Hal ini disampaikan Sekjen PDIP Hasto Kristiyanto dalam Diskusi Publik Memperingati 26 Tahun Peristiwa 27 Juli yang digelar di kantor DPP PDIP di Jalan Diponegoro 58, Menteng, Jakarta Pusat pada hari ini, Kamis, 21 Juli.

"Kami akan mencari setiap ruang yang ada. Jadi kepada Tim Pembela Demokrasi Indonesia kita minta bantuannya terus, kita akan mencari setiap celah keadilan, setiap ruang bagi penegakan hukum yang berkeadilan," kata Hasto dalam acara tersebut.

"Kita akan terus membangun optimisme bagi kita dengan membangun kekuatan bersama, pada akhirnya siapapun yang menjadi aktor-aktor intelektual terhadap serangan Partai Demokrasi Indonesia saat itu, harus dituntut di muka hukum biar keadilan betul-betul ditegakkan," sambungnya.

PDIP masih ingat peristiwa penyerangan untuk mengambil paksa gedung kantor partai yang saat itu diduduki pendukung Megawati Soekarnoputri yang duduk sebagai ketua umum. Hasto menyebut Peristiwa Kudatuli ini adalah sejarah yang mengajarkan bahwa pemerintahan yang otoriter tidak akan tahan lama.

"Karena itulah Ibu Mega, pesannya pada peringatan ini, mengingatkan agar dengan turun ke bawah, menyatu dengan kekuatan rakyat, menangis dan tertawa dengan rakyat, itu sejatinya memahami hakekat paling dasar kekuasaan politik yang berasal dari rakyat," tegasnya.

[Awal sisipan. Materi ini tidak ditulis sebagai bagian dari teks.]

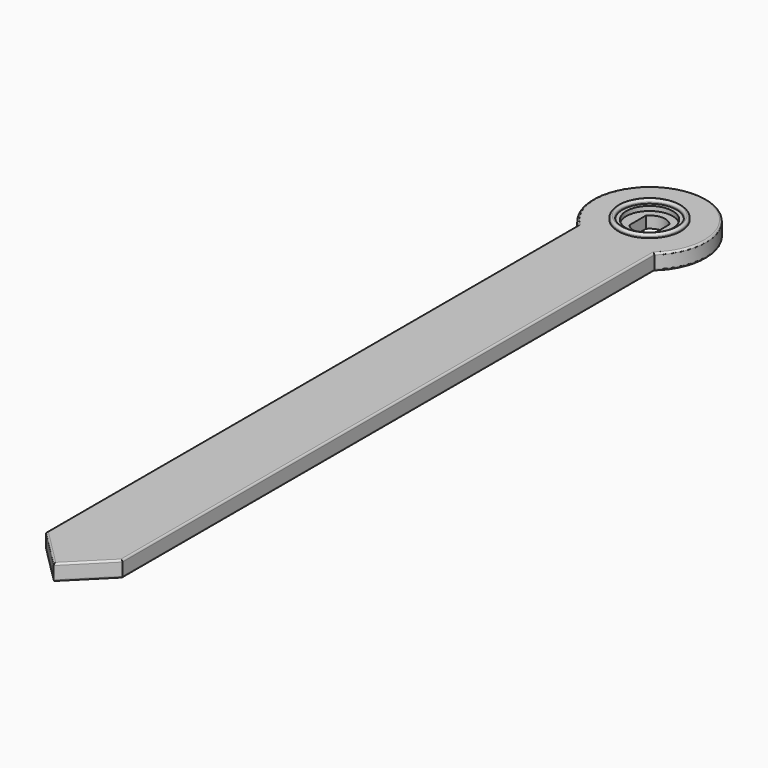
from build123d import *

# Parameters (mm, degrees)
F0_R     = 3.5
F0_R_2   = 3
F1_DEPTH = 1.8
F2_DEPTH = 2.2
F3_R     = 0.2
F4_R     = 0.24999
F5_R     = 2.5855494015
F6_DEPTH = 0.5


# Not quite as in the source:
# - a fillet or chamfer is up to 0.001 mm smaller than in the source, because OpenCascade refuses the exact size


with BuildPart() as f1:
    # F0 (on Top) → F1 (new body)
    with BuildSketch(Plane.XY):
        with BuildLine():
            Line((4.25, -78.75), (4.25, -4.6505376033))
            ThreePointArc((4.25, -4.6505376033), (0, 6.3), (-4.25, -4.6505376033))
            Line((-4.25, -4.6505376033), (-4.25, -78.75))
            Line((-4.25, -78.75), (0, -83))
            Line((0, -83), (4.25, -78.75))
        make_face()
        Circle(F0_R, mode=Mode.SUBTRACT)
        Circle(F0_R)
        Circle(F0_R_2, mode=Mode.SUBTRACT)
        Circle(F0_R_2)
        with BuildLine():
            ThreePointArc((1.325, -1.1431863365), (0, -1.75), (-1.325, -1.1431863365))
            Line((-1.325, -1.1431863365), (-1.325, 1.1431863365))
            ThreePointArc((-1.325, 1.1431863365), (0, 1.75), (1.325, 1.1431863365))
            Line((1.325, 1.1431863365), (1.325, -1.1431863365))
        make_face(mode=Mode.SUBTRACT)
    extrude(amount=F1_DEPTH)

    # F0 (on Top) → F2 (join)
    with BuildSketch(Plane.XY):
        Circle(F0_R)
        Circle(F0_R_2, mode=Mode.SUBTRACT)
    extrude(amount=F2_DEPTH)

    # F3
    f3_edges = [f1.edges().sort_by_distance(p)[0] for p in [
        (-4.25, -41.700269, 1.8),
        (0, 6.3, 1.8),
        (4.25, -41.700269, 1.8),
        (2.125, -80.875, 1.8),
        (-2.125, -80.875, 1.8),
        (0, 6.3, 0),
        (4.25, -41.700269, 0),
        (-4.25, -41.700269, 0),
        (-2.125, -80.875, 0),
        (2.125, -80.875, 0),
    ]]
    fillet(f3_edges, radius=F3_R)

    # F4 (radius 0.25 in the source; OpenCascade refuses exactly that, so slightly less here)
    f4_edges = [f1.edges().sort_by_distance(p)[0] for p in [
        (-3.5, 0, 2.2),
        (-3, 0, 2.2),
    ]]
    fillet(f4_edges, radius=F4_R)

    # F5 (on face) → F6 (cut)
    with BuildSketch(Plane.XY.offset(1.8)):
        Circle(F5_R)
    extrude(amount=-F6_DEPTH, mode=Mode.SUBTRACT)


solid = f1.part

Sementara itu, Ketua DPP PDIP Ribka Tjiptaning mengatakan Peristiwa Kudatuli seperti penyakit kronis yang belum sembuh sampai sekarang. Sehingga, dia mendatangi Komnas HAM beberapa waktu lalu untuk meminta penjelasan.

Ribka juga menyebut, Peristiwa Kudatuli adalah sejarah kelabu. Apalagi, Komnas HAM merilis resmi hanya lima orang meninggal padahal masih banyak yang hilang hingga saat ini.

"Dulu saya pernah, ada seorang ibu-ibu yang sumbing. Melihat ada yang ditusuk bayonet. Ibu itu belakangan tidak ada lagi. Kemana? Ada juga teman saya hilang itu sampai sekarang tidak ketemu," kata Ribka.

"Jangan sampai lupa 27 Juli itu," tegasnya.

Berikutnya, anggota Tim Pembela Demokrasi Indonesia (TPDI) Trimedya Panjaitan meminta pemegang kekuasaan di DPR dan Eksekutif untuk bisa mendorong penuntasan Peristiwa Kudatuli. Jangan sampai aktor intelektual penyerangan tersebut tak dihukum atas perbuatannya.

"Kita harus bicara penegakan hukum, bukan hanya rekonsiliasi, tapi kita minta tetap kasus 27 Juli diusut tuntas," ujarnya.

"Otak intelektualnya, siapapun dia, hukum tak boleh tajam ke bawah tumpul ke atas. Hukum tak boleh hanya berpihak pada orang yang punya kekuasaan," imbuh anggota DPR RI Fraksi PDIP tersebut.

Adapun acara diskusi ini dibuka oleh Sekjen PDIP Hasto Kristiyanto. Hadir sebagai pembicara Wamenkumham Edward Omar Sharif Harie dan Komisioner Komnas HAM Sandrayati Moniaga.